TensorFlow 2.5.0 slithers in with support for Python 3.9

TensorFlow 2.5.0 slithers in with support for Python 3.9

The TensorFlow team has released v2.5.0 of the open source software framework for machine learning, delivering a number of improvements along with the usual bug fixes.

Among the changes is the addition of support for Python 3.9, the most recent major release of the programming language. According to TensorFlow’s page on GitHub, it still supports Python 3.6, 3.7 and 3.8.

In this release, the tf.data service has been updated to support strict round-robin reads. This is useful for synchronous training workloads, where example sizes vary. This means developers can now guarantee consumers get similar-sized examples in the same step.

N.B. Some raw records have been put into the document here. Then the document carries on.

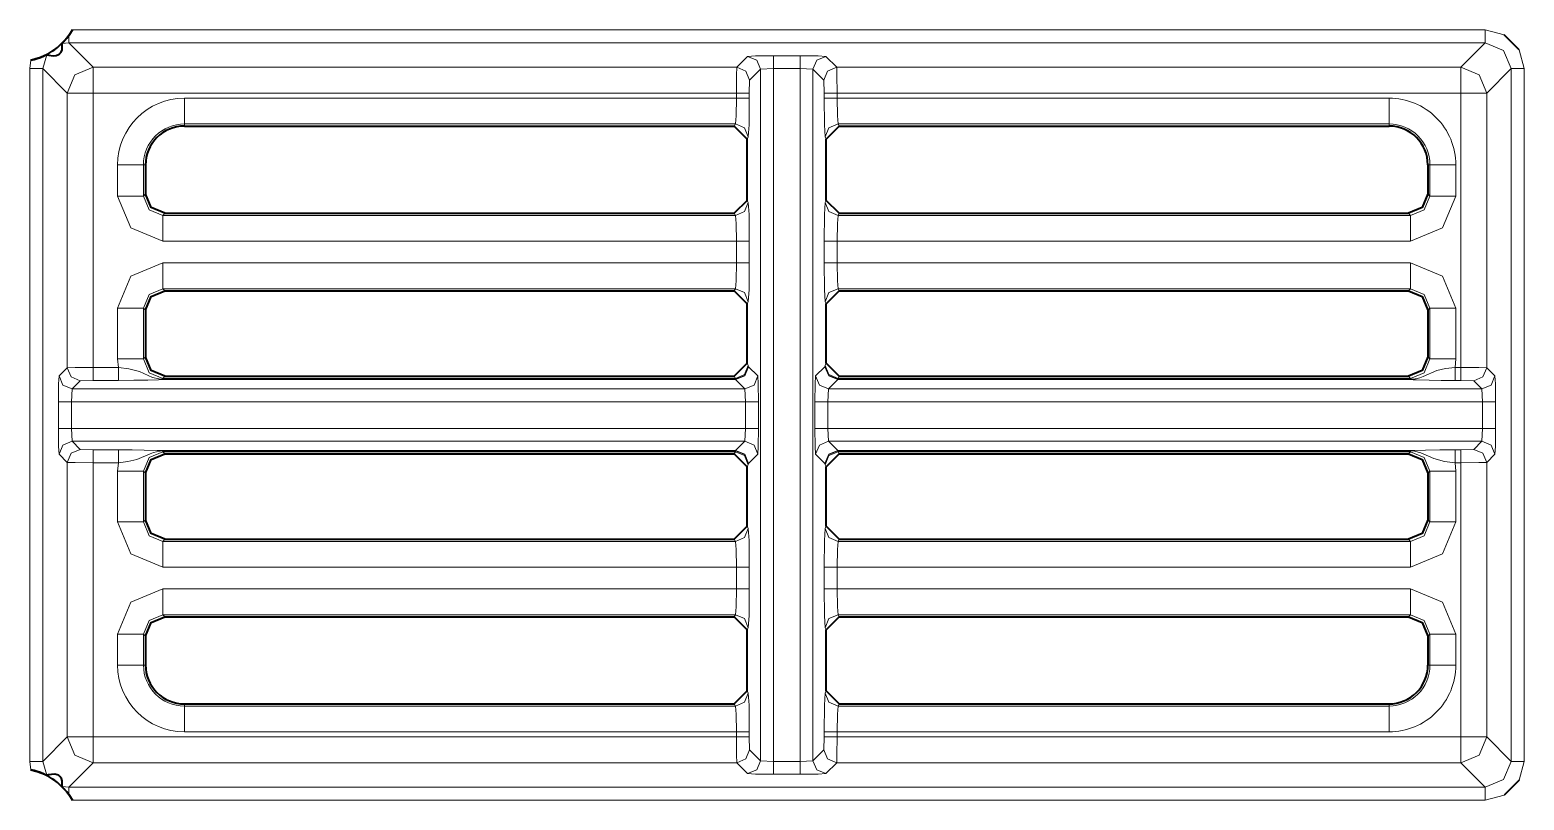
# Model space of a CAD drawing. Header units: millimetres. Extents: x 0 to 2941, y -405 to 1422.
# Drawn here: x 344.6 to 402.3, y 883.4 to 913.2 of the extents above; entities that cross this region are included whole.
import ezdxf

# ---------------------------------------------------------------- set-up
doc = ezdxf.new("R2010")
doc.units = ezdxf.units.MM
doc.layers.add('FINE', color=9, linetype='Continuous')
doc.layers.add('OUTLINE', color=7, linetype='Continuous')

msp = doc.modelspace()

# ---------------------------------------------------------------- linework, layer by layer
at = {"layer": 'FINE', "lineweight": 9}
for p, q in [((345.824, 912.644), (346.079, 912.677)), ((346.079, 912.677), (400.804, 912.677)), ((347.023, 911.734), (346.079, 912.677)), ((400.804, 913.177), (346.224, 913.177)), ((400.804, 912.677), (399.86, 911.734)), ((401.531, 912.989), (400.804, 913.177)), ((345.079, 911.678), (345.237, 912.217)), ((372.304, 912.154), (371.884, 911.734)), ((374.33, 912.179), (373.304, 912.179)), ((344.615, 912.001), (344.58, 911.678)), ((344.58, 911.678), (344.58, 884.903)), ((345.079, 911.678), (346.023, 910.734)), ((371.884, 911.734), (347.023, 911.734)), ((372.384, 911.234), (372.804, 911.654)), ((372.804, 911.654), (373.304, 911.679)), ((372.804, 911.654), (372.804, 884.927)), ((373.304, 884.902), (373.304, 911.679)), ((373.304, 911.679), (374.33, 911.679)), ((374.33, 911.679), (374.33, 884.902)), ((374.33, 911.679), (374.829, 911.654)), ((374.829, 911.654), (375.249, 911.234)), ((372.371, 910.734), (372.384, 911.234)), ((375.249, 911.234), (375.262, 910.734)), ((346.023, 910.734), (346.023, 900.115)), ((371.871, 910.538), (350.548, 910.538)), ((371.871, 910.734), (371.871, 910.538)), ((372.371, 910.538), (372.371, 910.734)), ((375.262, 910.734), (375.262, 910.538)), ((397.085, 910.538), (375.762, 910.538)), ((399.86, 910.734), (399.86, 900.128)), ((350.548, 909.54), (371.834, 909.54)), ((350.548, 909.458), (350.548, 909.54)), ((371.834, 909.54), (371.793, 909.458)), ((397.085, 909.54), (397.085, 909.458)), ((372.293, 908.958), (372.334, 909.041)), ((375.299, 909.041), (375.34, 908.958)), ((347.969, 907.959), (347.969, 906.755)), ((348.967, 907.959), (349.048, 907.959)), ((348.967, 906.755), (348.967, 907.959)), ((398.585, 907.959), (398.666, 907.959)), ((398.666, 907.959), (398.666, 906.755)), ((399.665, 906.755), (399.665, 907.959)), ((349.048, 906.836), (348.967, 906.755)), ((372.334, 906.505), (372.293, 906.588)), ((398.666, 906.755), (398.585, 906.836)), ((371.793, 906.088), (371.834, 906.006)), ((397.836, 906.088), (397.917, 906.006)), ((349.716, 905.007), (371.871, 905.007)), ((371.871, 905.007), (371.871, 904.167)), ((375.262, 905.007), (375.262, 904.167)), ((375.762, 905.007), (397.917, 905.007)), ((375.762, 904.167), (375.762, 905.007)), ((371.871, 904.167), (349.716, 904.167)), ((397.917, 904.167), (375.762, 904.167)), ((349.716, 903.169), (371.834, 903.169)), ((349.798, 903.088), (349.716, 903.169)), ((371.834, 903.169), (371.793, 903.088)), ((397.917, 903.169), (397.836, 903.088)), ((347.969, 902.42), (347.969, 900.455)), ((375.299, 902.669), (375.34, 902.588)), ((398.585, 902.339), (398.666, 902.42)), ((398.666, 902.42), (398.666, 900.455)), ((399.665, 900.455), (399.665, 902.42)), ((398.666, 900.455), (398.585, 900.536)), ((347.999, 900.128), (347.023, 900.128)), ((347.969, 900.455), (347.999, 900.128)), ((372.334, 900.205), (372.293, 900.288)), ((375.291, 900.157), (374.934, 899.8)), ((375.299, 900.205), (375.291, 900.157)), ((375.34, 900.288), (375.299, 900.205)), ((399.634, 900.128), (399.665, 900.455)), ((399.86, 900.128), (399.634, 900.128)), ((401.175, 899.8), (400.86, 900.115)), ((346.523, 899.615), (347.023, 899.628)), ((347.023, 899.628), (347.999, 899.628)), ((349.716, 899.706), (349.798, 899.787)), ((371.842, 899.674), (349.716, 899.674)), ((349.716, 899.657), (371.842, 899.657)), ((371.834, 899.706), (371.842, 899.674)), ((371.842, 899.657), (372.199, 899.3)), ((375.434, 899.3), (375.791, 899.657)), ((375.791, 899.657), (397.917, 899.657)), ((397.836, 899.787), (397.917, 899.706)), ((399.634, 899.628), (399.86, 899.628)), ((399.86, 899.628), (400.36, 899.615)), ((400.36, 899.615), (400.675, 899.3)), ((346.182, 898.8), (346.208, 899.3)), ((346.182, 898.8), (372.225, 898.8)), ((346.182, 897.774), (346.182, 898.8)), ((374.909, 898.8), (374.909, 897.774)), ((375.408, 898.8), (375.434, 899.3)), ((375.408, 898.8), (400.701, 898.8)), ((375.408, 897.774), (375.408, 898.8)), ((400.675, 899.3), (375.434, 899.3)), ((401.201, 897.774), (401.201, 898.8)), ((372.225, 897.774), (346.182, 897.774)), ((346.208, 897.275), (346.182, 897.774)), ((372.225, 897.774), (372.199, 897.275)), ((400.701, 897.774), (375.408, 897.774)), ((375.434, 897.275), (375.408, 897.774)), ((346.208, 897.275), (372.199, 897.275)), ((346.523, 896.959), (346.208, 897.275)), ((372.199, 897.275), (371.842, 896.917)), ((375.434, 897.275), (400.675, 897.275)), ((375.791, 896.917), (375.434, 897.275)), ((400.675, 897.275), (400.36, 896.959)), ((345.708, 896.775), (346.023, 896.459)), ((346.023, 896.459), (346.023, 885.847)), ((347.023, 896.946), (346.523, 896.959)), ((347.999, 896.946), (347.023, 896.946)), ((371.842, 896.917), (349.716, 896.917)), ((349.716, 896.901), (371.842, 896.901)), ((371.842, 896.901), (371.834, 896.869)), ((372.342, 896.417), (372.699, 896.775)), ((374.934, 896.775), (375.291, 896.417)), ((397.917, 896.917), (375.791, 896.917)), ((375.791, 896.901), (397.917, 896.901)), ((375.799, 896.869), (375.791, 896.901)), ((375.84, 896.787), (375.799, 896.869)), ((375.799, 896.869), (397.917, 896.869)), ((397.917, 896.869), (397.836, 896.787)), ((399.86, 896.946), (399.634, 896.946)), ((400.36, 896.959), (399.86, 896.946)), ((400.86, 896.459), (401.175, 896.775)), ((400.86, 885.847), (400.86, 896.459)), ((348.967, 896.12), (349.048, 896.039)), ((348.967, 894.155), (348.967, 896.12)), ((372.293, 896.288), (372.334, 896.369)), ((372.334, 896.369), (372.342, 896.417)), ((375.291, 896.417), (375.299, 896.369)), ((375.299, 896.369), (375.34, 896.288)), ((398.585, 896.039), (398.666, 896.12)), ((398.666, 896.12), (398.666, 894.155)), ((399.634, 896.447), (399.86, 896.447)), ((399.665, 896.12), (399.634, 896.447)), ((399.665, 894.155), (399.665, 896.12)), ((399.86, 896.447), (399.86, 885.847)), ((349.048, 894.236), (348.967, 894.155)), ((398.666, 894.155), (398.585, 894.236)), ((372.334, 893.905), (372.293, 893.987)), ((349.716, 893.406), (349.798, 893.487)), ((371.834, 893.406), (349.716, 893.406)), ((371.793, 893.487), (371.834, 893.406)), ((375.799, 893.406), (375.84, 893.487)), ((397.917, 893.406), (375.799, 893.406)), ((397.836, 893.487), (397.917, 893.406)), ((349.716, 892.408), (371.871, 892.408)), ((371.871, 892.408), (371.871, 891.567)), ((372.371, 891.567), (372.371, 892.408)), ((375.762, 892.408), (397.917, 892.408)), ((375.762, 891.567), (375.762, 892.408)), ((371.871, 891.567), (349.716, 891.567)), ((397.917, 891.567), (375.762, 891.567)), ((349.716, 890.569), (371.834, 890.569)), ((349.798, 890.487), (349.716, 890.569)), ((371.834, 890.569), (371.793, 890.487)), ((375.799, 890.569), (397.917, 890.569)), ((375.84, 890.487), (375.799, 890.569)), ((397.917, 890.569), (397.836, 890.487)), ((347.969, 889.82), (347.969, 888.622)), ((348.967, 889.82), (349.048, 889.738)), ((348.967, 888.622), (348.967, 889.82)), ((372.293, 889.988), (372.334, 890.069)), ((375.299, 890.069), (375.34, 889.988)), ((398.585, 889.738), (398.666, 889.82)), ((398.666, 889.82), (398.666, 888.622)), ((399.665, 888.622), (399.665, 889.82)), ((349.048, 888.622), (348.967, 888.622)), ((398.666, 888.622), (398.585, 888.622)), ((372.334, 887.54), (372.293, 887.622)), ((375.34, 887.622), (375.299, 887.54)), ((350.548, 887.041), (350.548, 887.122)), ((375.799, 887.041), (375.84, 887.122)), ((397.085, 887.041), (375.799, 887.041)), ((397.085, 887.122), (397.085, 887.041)), ((372.371, 885.847), (372.371, 886.042)), ((372.384, 885.347), (372.371, 885.847)), ((375.262, 885.847), (375.249, 885.347)), ((375.262, 886.042), (375.262, 885.847)), ((375.762, 886.042), (397.085, 886.042)), ((375.762, 885.847), (375.762, 886.042)), ((399.86, 885.847), (375.762, 885.847)), ((372.804, 884.927), (372.384, 885.347)), ((373.304, 884.902), (372.804, 884.927)), ((374.829, 884.927), (374.33, 884.902)), ((344.58, 884.903), (344.615, 884.58)), ((345.237, 884.364), (345.079, 884.903)), ((346.079, 883.903), (347.023, 884.847)), ((347.023, 884.847), (371.884, 884.847)), ((371.884, 884.847), (372.304, 884.427)), ((374.33, 884.902), (373.304, 884.902)), ((375.329, 884.427), (375.749, 884.847)), ((375.749, 884.847), (399.86, 884.847)), ((399.86, 884.847), (400.804, 883.903)), ((402.116, 884.176), (402.303, 884.903)), ((346.079, 883.903), (345.824, 883.936)), ((400.804, 883.903), (346.079, 883.903)), ((346.224, 883.404), (400.804, 883.404)), ((400.804, 883.404), (401.531, 883.592))]:
    msp.add_line(p, q, dxfattribs=at)
for points in [[(346.079, 912.955), (346.079, 912.756), (346.079, 912.677)], [(400.804, 913.177), (400.804, 912.828), (400.804, 912.677)], [(400.804, 912.677), (401.511, 912.385), (401.804, 911.678)], [(373.304, 912.179), (372.606, 912.172), (372.304, 912.154)], [(372.804, 911.654), (372.657, 912.007), (372.304, 912.154)], [(373.304, 911.679), (373.304, 912.028), (373.304, 912.179)], [(374.33, 911.679), (374.33, 912.028), (374.33, 912.179)], [(375.329, 912.154), (375.027, 912.172), (374.33, 912.179)], [(374.829, 911.654), (374.976, 912.007), (375.329, 912.154)], [(399.86, 911.734), (375.749, 911.734), (375.329, 912.154)], [(402.303, 884.903), (402.303, 911.678), (402.116, 912.405)], [(344.58, 911.678), (344.928, 911.678), (345.079, 911.678)], [(346.023, 885.847), (345.079, 884.903), (345.079, 911.678)], [(347.023, 911.734), (346.316, 911.441), (346.023, 910.734)], [(347.023, 911.734), (347.023, 911.432), (347.023, 910.734)], [(371.884, 911.734), (371.875, 911.432), (371.871, 910.734)], [(372.384, 911.234), (372.237, 911.587), (371.884, 911.734)], [(375.249, 885.347), (374.829, 884.927), (374.829, 911.654)], [(375.249, 911.234), (375.396, 911.587), (375.749, 911.734)], [(375.762, 910.734), (375.758, 911.432), (375.749, 911.734)], [(399.86, 911.734), (399.86, 911.432), (399.86, 910.734), (400.558, 910.734), (400.86, 910.734)], [(400.86, 910.734), (400.567, 911.441), (399.86, 911.734)], [(401.804, 911.678), (401.804, 884.903), (400.86, 885.847)], [(400.86, 900.115), (400.86, 910.734), (401.804, 911.678)], [(401.804, 911.678), (401.954, 911.678), (402.303, 911.678)], [(346.023, 910.734), (346.325, 910.734), (347.023, 910.734)], [(347.023, 900.128), (347.023, 910.734), (371.871, 910.734)], [(350.548, 910.538), (350.548, 909.85), (350.548, 909.54)], [(371.871, 910.538), (371.86, 909.85), (371.834, 909.54)], [(372.371, 910.734), (372.22, 910.734), (371.871, 910.734)], [(372.371, 910.538), (372.22, 910.538), (371.871, 910.538)], [(372.334, 909.041), (372.36, 909.506), (372.371, 910.538)], [(375.262, 910.734), (375.413, 910.734), (375.762, 910.734)], [(375.762, 910.538), (375.413, 910.538), (375.262, 910.538)], [(375.262, 910.538), (375.273, 909.506), (375.299, 909.041)], [(375.762, 910.538), (375.762, 910.734), (399.86, 910.734)], [(375.799, 909.54), (375.773, 909.85), (375.762, 910.538)], [(397.085, 910.538), (397.085, 909.85), (397.085, 909.54)], [(372.334, 909.041), (372.187, 909.393), (371.834, 909.54)], [(375.799, 909.54), (375.446, 909.393), (375.299, 909.041)], [(375.84, 909.458), (375.799, 909.54), (397.085, 909.54)], [(347.969, 907.959), (348.657, 907.959), (348.967, 907.959)], [(398.666, 907.959), (398.976, 907.959), (399.665, 907.959)], [(347.969, 906.755), (348.657, 906.755), (348.967, 906.755)], [(347.969, 906.755), (348.48, 905.519), (349.716, 905.007)], [(349.716, 906.006), (349.185, 906.224), (348.967, 906.755)], [(371.834, 906.006), (372.187, 906.153), (372.334, 906.505)], [(372.371, 904.167), (372.371, 905.007), (372.36, 906.04), (372.334, 906.505)], [(375.34, 906.588), (375.299, 906.505), (375.273, 906.04), (375.262, 905.007)], [(375.299, 906.505), (375.446, 906.153), (375.799, 906.006)], [(398.666, 906.755), (398.448, 906.224), (397.917, 906.006)], [(397.917, 905.007), (399.153, 905.519), (399.665, 906.755)], [(398.666, 906.755), (398.976, 906.755), (399.665, 906.755)], [(371.834, 906.006), (349.716, 906.006), (349.798, 906.088)], [(349.716, 906.006), (349.716, 905.696), (349.716, 905.007)], [(371.834, 906.006), (371.86, 905.696), (371.871, 905.007)], [(375.762, 905.007), (375.773, 905.696), (375.799, 906.006)], [(397.917, 906.006), (375.799, 906.006), (375.84, 906.088)], [(397.917, 906.006), (397.917, 905.696), (397.917, 905.007)], [(371.871, 905.007), (372.22, 905.007), (372.371, 905.007)], [(375.262, 905.007), (375.413, 905.007), (375.762, 905.007)], [(349.716, 904.167), (348.48, 903.656), (347.969, 902.42)], [(349.716, 904.167), (349.716, 903.479), (349.716, 903.169)], [(371.871, 904.167), (371.86, 903.479), (371.834, 903.169)], [(371.871, 904.167), (372.22, 904.167), (372.371, 904.167)], [(372.293, 902.588), (372.334, 902.669), (372.36, 903.135), (372.371, 904.167)], [(375.262, 904.167), (375.413, 904.167), (375.762, 904.167)], [(375.262, 904.167), (375.273, 903.135), (375.299, 902.669)], [(375.799, 903.169), (375.773, 903.479), (375.762, 904.167)], [(397.917, 904.167), (397.917, 903.479), (397.917, 903.169)], [(399.665, 902.42), (399.153, 903.656), (397.917, 904.167)], [(348.967, 902.42), (349.185, 902.951), (349.716, 903.169)], [(371.834, 903.169), (372.187, 903.022), (372.334, 902.669)], [(375.299, 902.669), (375.446, 903.022), (375.799, 903.169)], [(375.84, 903.088), (375.799, 903.169), (397.917, 903.169)], [(397.917, 903.169), (398.448, 902.951), (398.666, 902.42)], [(348.967, 902.42), (348.657, 902.42), (347.969, 902.42)], [(349.048, 900.536), (348.967, 900.455), (348.967, 902.42), (349.048, 902.339)], [(399.665, 902.42), (398.976, 902.42), (398.666, 902.42)], [(346.023, 900.115), (345.708, 899.8), (345.69, 899.498), (345.682, 898.8)], [(347.023, 900.128), (346.325, 900.124), (346.023, 900.115)], [(346.523, 899.615), (346.17, 899.762), (346.023, 900.115)], [(347.023, 899.628), (347.023, 899.779), (347.023, 900.128)], [(348.967, 900.455), (348.657, 900.455), (347.969, 900.455)], [(347.999, 899.628), (347.999, 899.779), (347.999, 900.128)], [(349.716, 899.674), (349.646, 899.676), (349.559, 899.685), (349.32, 899.745), (348.82, 899.967), (348.406, 900.078), (347.999, 900.128)], [(349.716, 899.706), (349.185, 899.924), (348.967, 900.455)], [(372.334, 900.205), (372.187, 899.853), (371.834, 899.706)], [(372.342, 900.157), (372.195, 899.804), (371.842, 899.657)], [(372.342, 900.157), (372.194, 899.817), (371.842, 899.674)], [(372.699, 899.8), (372.342, 900.157), (372.334, 900.205)], [(375.791, 899.657), (375.438, 899.804), (375.291, 900.157)], [(375.791, 899.674), (375.439, 899.817), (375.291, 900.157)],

Also, tf.data input pipelines can now be executed in debug mode, which disables any asynchrony, parallelism, or non-determinism. It also forces Python execution rather than trace-compiled graph execution of user-defined functions.

In tf.lite, the new MLIR-based quantization backend is now enabled by default. MLIR, or Multi-Level Intermediate Representation, defines a common intermediate representation (IR) for machine learning models. This new backend is for 8-bit full integer post-training quantisation, removing redundant rescales and fixing some bugs.

In this release, third-party devices can now connect to TensorFlow as plug-ins through StreamExecutor C API and PluggableDevice interface. PluggableDevice also adds custom ops and kernels through kernel and op registration C API.

This release also adds CPU performance optimisations from the Intel-optimised TensorFlow build into the official x86-64 Linux and Windows builds. These are turned off by default and must be enabled by setting an environment variable. However, the team does not currently recommend using them in GPU systems, as this use case has not been sufficiently tested.

One important breaking change in TensorFlow 2.5.0 is that the TF_CPP_MIN_VLOG_LEVEL environment variable has been renamed to TF_CPP_MAX_VLOG_LEVEL, to more correctly describe its effect.

Meanwhile, a host of bug fixes and other changes have been made to various modules including tf.keras, tf.data, tf.distribute and tf.lite. See the release notes for further details.